# Recommend a recording of Haydn's Die Jahreszeiten?



## AClockworkOrange (May 24, 2012)

I'm looking for a recording of Haydn's Die Jahreszeiten specifically featuring Gundula Janowitz.

This means the choice facing me is Karl Bohm & the Wiener Philharmoniker or Herbert von Karajan and the Berliner Philharmoniker.

Which of the two would you recommend?

If it helps, the version of Die Schopfung I am familiar (and love) with is Bernstein's latter recording (with the ever-vivacious Lucia Popp) on DG but I will be getting Karajan's version of this piece too. I mention this in the off chance that it may make the decision simpler even if the comparison is obviously limited.

Once again I am 50/50.

Any advice would be gratefully appreciated.


----------



## Guest (Sep 28, 2014)

Hmm, tough choice. Why don't you just go ahead and get the Rene Jacobs recording on Harmonia Mundi?


----------



## Xaltotun (Sep 3, 2010)

Haven't heard the Karajan but I love the Böhm, if that helps..? I associate "rustic charm" more with Böhm than with Karajan... could it be possible that the latter might make this work too slick and beautiful..?

But I love Karajan's _Die Schöpfung._


----------



## Itullian (Aug 27, 2011)

I'd go Bohm.

The Dorati recordings are excellent too.


----------



## AClockworkOrange (May 24, 2012)

DrMike said:


> Hmm, tough choice. Why don't you just go ahead and get the Rene Jacobs recording on Harmonia Mundi?


Thanks DrMike.

I can see the logic certainly but I was looking for a recording with Ms. Janowitz.

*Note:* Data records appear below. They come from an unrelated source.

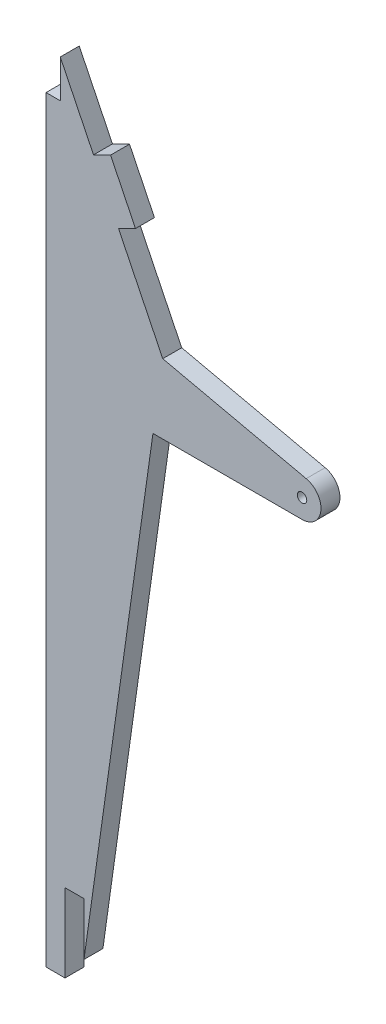
ISO-10303-21;
HEADER;
FILE_DESCRIPTION(('STEP AP214'),'2;1');
FILE_NAME('part.step','',(''),(''),'','','');
FILE_SCHEMA(('AUTOMOTIVE_DESIGN { 1 0 10303 214 1 1 1 1 }'));
ENDSEC;
DATA;
#1=APPLICATION_CONTEXT('core data for automotive mechanical design processes');
#2=APPLICATION_PROTOCOL_DEFINITION('international standard','automotive_design',2000,#1);
#3=PRODUCT_CONTEXT('',#1,'mechanical');
#4=PRODUCT('Part','Part','',(#3));
#5=PRODUCT_RELATED_PRODUCT_CATEGORY('part','',(#4));
#6=PRODUCT_DEFINITION_FORMATION('','',#4);
#7=PRODUCT_DEFINITION_CONTEXT('part definition',#1,'design');
#8=PRODUCT_DEFINITION('design','',#6,#7);
#9=PRODUCT_DEFINITION_SHAPE('','',#8);
#10=(LENGTH_UNIT() NAMED_UNIT(*) SI_UNIT(.MILLI.,.METRE.));
#11=(NAMED_UNIT(*) PLANE_ANGLE_UNIT() SI_UNIT($,.RADIAN.));
#12=(NAMED_UNIT(*) SI_UNIT($,.STERADIAN.) SOLID_ANGLE_UNIT());
#13=UNCERTAINTY_MEASURE_WITH_UNIT(LENGTH_MEASURE(1.E-05),#10,'distance_accuracy_value','');
#14=(GEOMETRIC_REPRESENTATION_CONTEXT(3) GLOBAL_UNCERTAINTY_ASSIGNED_CONTEXT((#13)) GLOBAL_UNIT_ASSIGNED_CONTEXT((#10,
#11,#12)) REPRESENTATION_CONTEXT('',''));
#15=CARTESIAN_POINT('',(0.,0.,0.));
#16=DIRECTION('',(0.,0.,1.));
#17=DIRECTION('',(1.,0.,0.));
#18=AXIS2_PLACEMENT_3D('',#15,#16,#17);
#19=CARTESIAN_POINT('',(1.63346951114756E-12,56.9522220641812,2.));
#20=DIRECTION('',(0.,-1.,0.));
#21=DIRECTION('',(1.,0.,0.));
#22=AXIS2_PLACEMENT_3D('',#19,#20,#21);
#23=PLANE('',#22);
#24=DIRECTION('',(-1.,0.,0.));
#25=VECTOR('',#24,1.);
#26=CARTESIAN_POINT('',(1.63346951114756E-12,56.9522220641812,0.));
#27=LINE('',#26,#25);
#28=CARTESIAN_POINT('',(35.2046806741437,56.9522220641802,0.));
#29=VERTEX_POINT('',#28);
#30=CARTESIAN_POINT('',(19.4792247982414,56.9522220641807,0.));
#31=VERTEX_POINT('',#30);
#32=EDGE_CURVE('E219',#29,#31,#27,.T.);
#33=ORIENTED_EDGE('',*,*,#32,.F.);
#34=DIRECTION('',(0.,0.,-1.));
#35=VECTOR('',#34,1.);
#36=CARTESIAN_POINT('',(35.2046806741437,56.9522220641802,2.));
#37=LINE('',#36,#35);
#38=CARTESIAN_POINT('',(35.2046806741437,56.9522220641802,2.));
#39=VERTEX_POINT('',#38);
#40=EDGE_CURVE('E11',#39,#29,#37,.T.);
#41=ORIENTED_EDGE('',*,*,#40,.F.);
#42=DIRECTION('',(-1.,0.,0.));
#43=VECTOR('',#42,1.);
#44=CARTESIAN_POINT('',(1.63346951114756E-12,56.9522220641812,2.));
#45=LINE('',#44,#43);
#46=CARTESIAN_POINT('',(19.4792247982414,56.9522220641807,2.));
#47=VERTEX_POINT('',#46);
#48=EDGE_CURVE('E330',#39,#47,#45,.T.);
#49=ORIENTED_EDGE('',*,*,#48,.T.);
#50=DIRECTION('',(0.,0.,-1.));
#51=VECTOR('',#50,1.);
#52=CARTESIAN_POINT('',(19.4792247982414,56.9522220641807,2.));
#53=LINE('',#52,#51);
#54=EDGE_CURVE('E111',#47,#31,#53,.T.);
#55=ORIENTED_EDGE('',*,*,#54,.T.);
#56=EDGE_LOOP('',(#33,#41,#49,#55));
#57=FACE_BOUND('',#56,.T.);
#58=ADVANCED_FACE('F36',(#57),#23,.T.);
#59=CARTESIAN_POINT('',(35.2046806741437,58.9522220641802,2.));
#60=DIRECTION('',(0.,0.,-1.));
#61=DIRECTION('',(-1.,0.,0.));
#62=AXIS2_PLACEMENT_3D('',#59,#60,#61);
#63=CYLINDRICAL_SURFACE('',#62,2.);
#64=CARTESIAN_POINT('',(35.2046806741437,58.9522220641802,0.));
#65=DIRECTION('',(0.,0.,1.));
#66=DIRECTION('',(1.,0.,0.));
#67=AXIS2_PLACEMENT_3D('',#64,#65,#66);
#68=CIRCLE('',#67,2.);
#69=CARTESIAN_POINT('',(35.6419002503171,60.90384678277,0.));
#70=VERTEX_POINT('',#69);
#71=EDGE_CURVE('E217',#29,#70,#68,.T.);
#72=ORIENTED_EDGE('',*,*,#71,.T.);
#73=DIRECTION('',(0.,0.,-1.));
#74=VECTOR('',#73,1.);
#75=CARTESIAN_POINT('',(35.6419002503171,60.90384678277,2.));
#76=LINE('',#75,#74);
#77=CARTESIAN_POINT('',(35.6419002503171,60.90384678277,2.));
#78=VERTEX_POINT('',#77);
#79=EDGE_CURVE('E45',#78,#70,#76,.T.);
#80=ORIENTED_EDGE('',*,*,#79,.F.);
#81=CARTESIAN_POINT('',(35.2046806741437,58.9522220641802,2.));
#82=DIRECTION('',(0.,0.,1.));
#83=DIRECTION('',(1.,0.,0.));
#84=AXIS2_PLACEMENT_3D('',#81,#82,#83);
#85=CIRCLE('',#84,2.);
#86=EDGE_CURVE('E332',#39,#78,#85,.T.);
#87=ORIENTED_EDGE('',*,*,#86,.F.);
#88=ORIENTED_EDGE('',*,*,#40,.T.);
#89=EDGE_LOOP('',(#72,#80,#87,#88));
#90=FACE_BOUND('',#89,.T.);
#91=ADVANCED_FACE('F218',(#90),#63,.T.);
#92=CARTESIAN_POINT('',(14.6954734556577,65.5964435501035,2.));
#93=DIRECTION('',(0.218609788086579,0.975812359294932,0.));
#94=DIRECTION('',(-0.975812359294932,0.218609788086579,0.));
#95=AXIS2_PLACEMENT_3D('',#92,#93,#94);
#96=PLANE('',#95);
#97=DIRECTION('',(0.975812359294932,-0.218609788086579,0.));
#98=VECTOR('',#97,1.);
#99=CARTESIAN_POINT('',(14.6954734556577,65.5964435501035,0.));
#100=LINE('',#99,#98);
#101=CARTESIAN_POINT('',(20.5123055143886,64.2933073358695,0.));
#102=VERTEX_POINT('',#101);
#103=EDGE_CURVE('E212',#102,#70,#100,.T.);
#104=ORIENTED_EDGE('',*,*,#103,.F.);
#105=DIRECTION('',(0.,0.,-1.));
#106=VECTOR('',#105,1.);
#107=CARTESIAN_POINT('',(20.5123055143886,64.2933073358695,2.));
#108=LINE('',#107,#106);
#109=CARTESIAN_POINT('',(20.5123055143886,64.2933073358695,2.));
#110=VERTEX_POINT('',#109);
#111=EDGE_CURVE('E204',#110,#102,#108,.T.);
#112=ORIENTED_EDGE('',*,*,#111,.F.);
#113=DIRECTION('',(0.975812359294932,-0.218609788086579,0.));
#114=VECTOR('',#113,1.);
#115=CARTESIAN_POINT('',(14.6954734556577,65.5964435501035,2.));
#116=LINE('',#115,#114);
#117=EDGE_CURVE('E214',#110,#78,#116,.T.);
#118=ORIENTED_EDGE('',*,*,#117,.T.);
#119=ORIENTED_EDGE('',*,*,#79,.T.);
#120=EDGE_LOOP('',(#104,#112,#118,#119));
#121=FACE_BOUND('',#120,.T.);
#122=ADVANCED_FACE('F210',(#121),#96,.T.);
#123=CARTESIAN_POINT('',(41.9023796776527,20.4371561072406,2.));
#124=DIRECTION('',(-0.898794046299256,-0.438371146788896,0.));
#125=DIRECTION('',(0.438371146788896,-0.898794046299256,0.));
#126=AXIS2_PLACEMENT_3D('',#123,#124,#125);
#127=PLANE('',#126);
#128=DIRECTION('',(-0.438371146788896,0.898794046299256,0.));
#129=VECTOR('',#128,1.);
#130=CARTESIAN_POINT('',(41.9023796776527,20.4371561072406,0.));
#131=LINE('',#130,#129);
#132=CARTESIAN_POINT('',(15.8418767291896,73.8691054159903,0.));
#133=VERTEX_POINT('',#132);
#134=EDGE_CURVE('E225',#102,#133,#131,.T.);
#135=ORIENTED_EDGE('',*,*,#134,.T.);
#136=DIRECTION('',(0.,0.,-1.));
#137=VECTOR('',#136,1.);
#138=CARTESIAN_POINT('',(15.8418767291896,73.8691054159903,2.));
#139=LINE('',#138,#137);
#140=CARTESIAN_POINT('',(15.8418767291896,73.8691054159903,2.));
#141=VERTEX_POINT('',#140);
#142=EDGE_CURVE('E202',#141,#133,#139,.T.);
#143=ORIENTED_EDGE('',*,*,#142,.F.);
#144=DIRECTION('',(-0.438371146788896,0.898794046299256,0.));
#145=VECTOR('',#144,1.);
#146=CARTESIAN_POINT('',(41.9023796776527,20.4371561072406,2.));
#147=LINE('',#146,#145);
#148=EDGE_CURVE('E337',#110,#141,#147,.T.);
#149=ORIENTED_EDGE('',*,*,#148,.F.);
#150=ORIENTED_EDGE('',*,*,#111,.T.);
#151=EDGE_LOOP('',(#135,#143,#149,#150));
#152=FACE_BOUND('',#151,.T.);
#153=ADVANCED_FACE('F272',(#152),#127,.F.);
#154=CARTESIAN_POINT('',(-26.0605029484642,53.4319493087474,2.));
#155=DIRECTION('',(0.438371146788927,-0.898794046299241,0.));
#156=DIRECTION('',(0.898794046299241,0.438371146788927,0.));
#157=AXIS2_PLACEMENT_3D('',#154,#155,#156);
#158=PLANE('',#157);
#159=DIRECTION('',(-0.898794046299241,-0.438371146788927,0.));
#160=VECTOR('',#159,1.);
#161=CARTESIAN_POINT('',(-26.0605029484642,53.4319493087474,0.));
#162=LINE('',#161,#160);
#163=CARTESIAN_POINT('',(17.6394648217865,74.7458477095675,0.));
#164=VERTEX_POINT('',#163);
#165=EDGE_CURVE('E227',#164,#133,#162,.T.);
#166=ORIENTED_EDGE('',*,*,#165,.F.);
#167=DIRECTION('',(0.,0.,-1.));
#168=VECTOR('',#167,1.);
#169=CARTESIAN_POINT('',(17.6394648217865,74.7458477095675,2.));
#170=LINE('',#169,#168);
#171=CARTESIAN_POINT('',(17.6394648217865,74.7458477095675,2.));
#172=VERTEX_POINT('',#171);
#173=EDGE_CURVE('E200',#172,#164,#170,.T.);
#174=ORIENTED_EDGE('',*,*,#173,.F.);
#175=DIRECTION('',(-0.898794046299241,-0.438371146788927,0.));
#176=VECTOR('',#175,1.);
#177=CARTESIAN_POINT('',(-26.0605029484642,53.4319493087474,2.));
#178=LINE('',#177,#176);
#179=EDGE_CURVE('E339',#172,#141,#178,.T.);
#180=ORIENTED_EDGE('',*,*,#179,.T.);
#181=ORIENTED_EDGE('',*,*,#142,.T.);
#182=EDGE_LOOP('',(#166,#174,#180,#181));
#183=FACE_BOUND('',#182,.T.);
#184=ADVANCED_FACE('F275',(#183),#158,.T.);
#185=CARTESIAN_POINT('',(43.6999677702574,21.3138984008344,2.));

I chose my version of Haydn's Die Schopfung with the fabulous Lucia Popp in comparatively high consideration.

I will bear René Jacobs in mind as his Mozart operatic recordings (those I have heard) are superb.


----------



## Guest (Sep 29, 2014)

Come on, you know the Jacobs recording is the one you want. Why prolong the inevitable?


----------



## AClockworkOrange (May 24, 2012)

DrMike said:


> Come on, you know the Jacobs recording is the one you want. Why prolong the inevitable?


:lol:

I have looked at the Jacobs' on YouTube and the performance of 'Oh, the storm is coming' is one compelling argument...






I am indeed sorely tempted.. :devil::lol:


----------



## AClockworkOrange (May 24, 2012)

Xaltotun said:


> Haven't heard the Karajan but I love the Böhm, if that helps..? I associate "rustic charm" more with Böhm than with Karajan... *could it be possible that the latter might make this work too slick and beautiful*..?
> 
> But I love Karajan's _Die Schöpfung._


This is one of my concerns too Xaltotun.

Thank you for your input :tiphat:


----------



## Guest (Sep 29, 2014)

To be fair, I'm not familiar with other recordings.


----------



## AClockworkOrange (May 24, 2012)

Itullian said:


> I'd go Bohm.
> 
> The Dorati recordings are excellent too.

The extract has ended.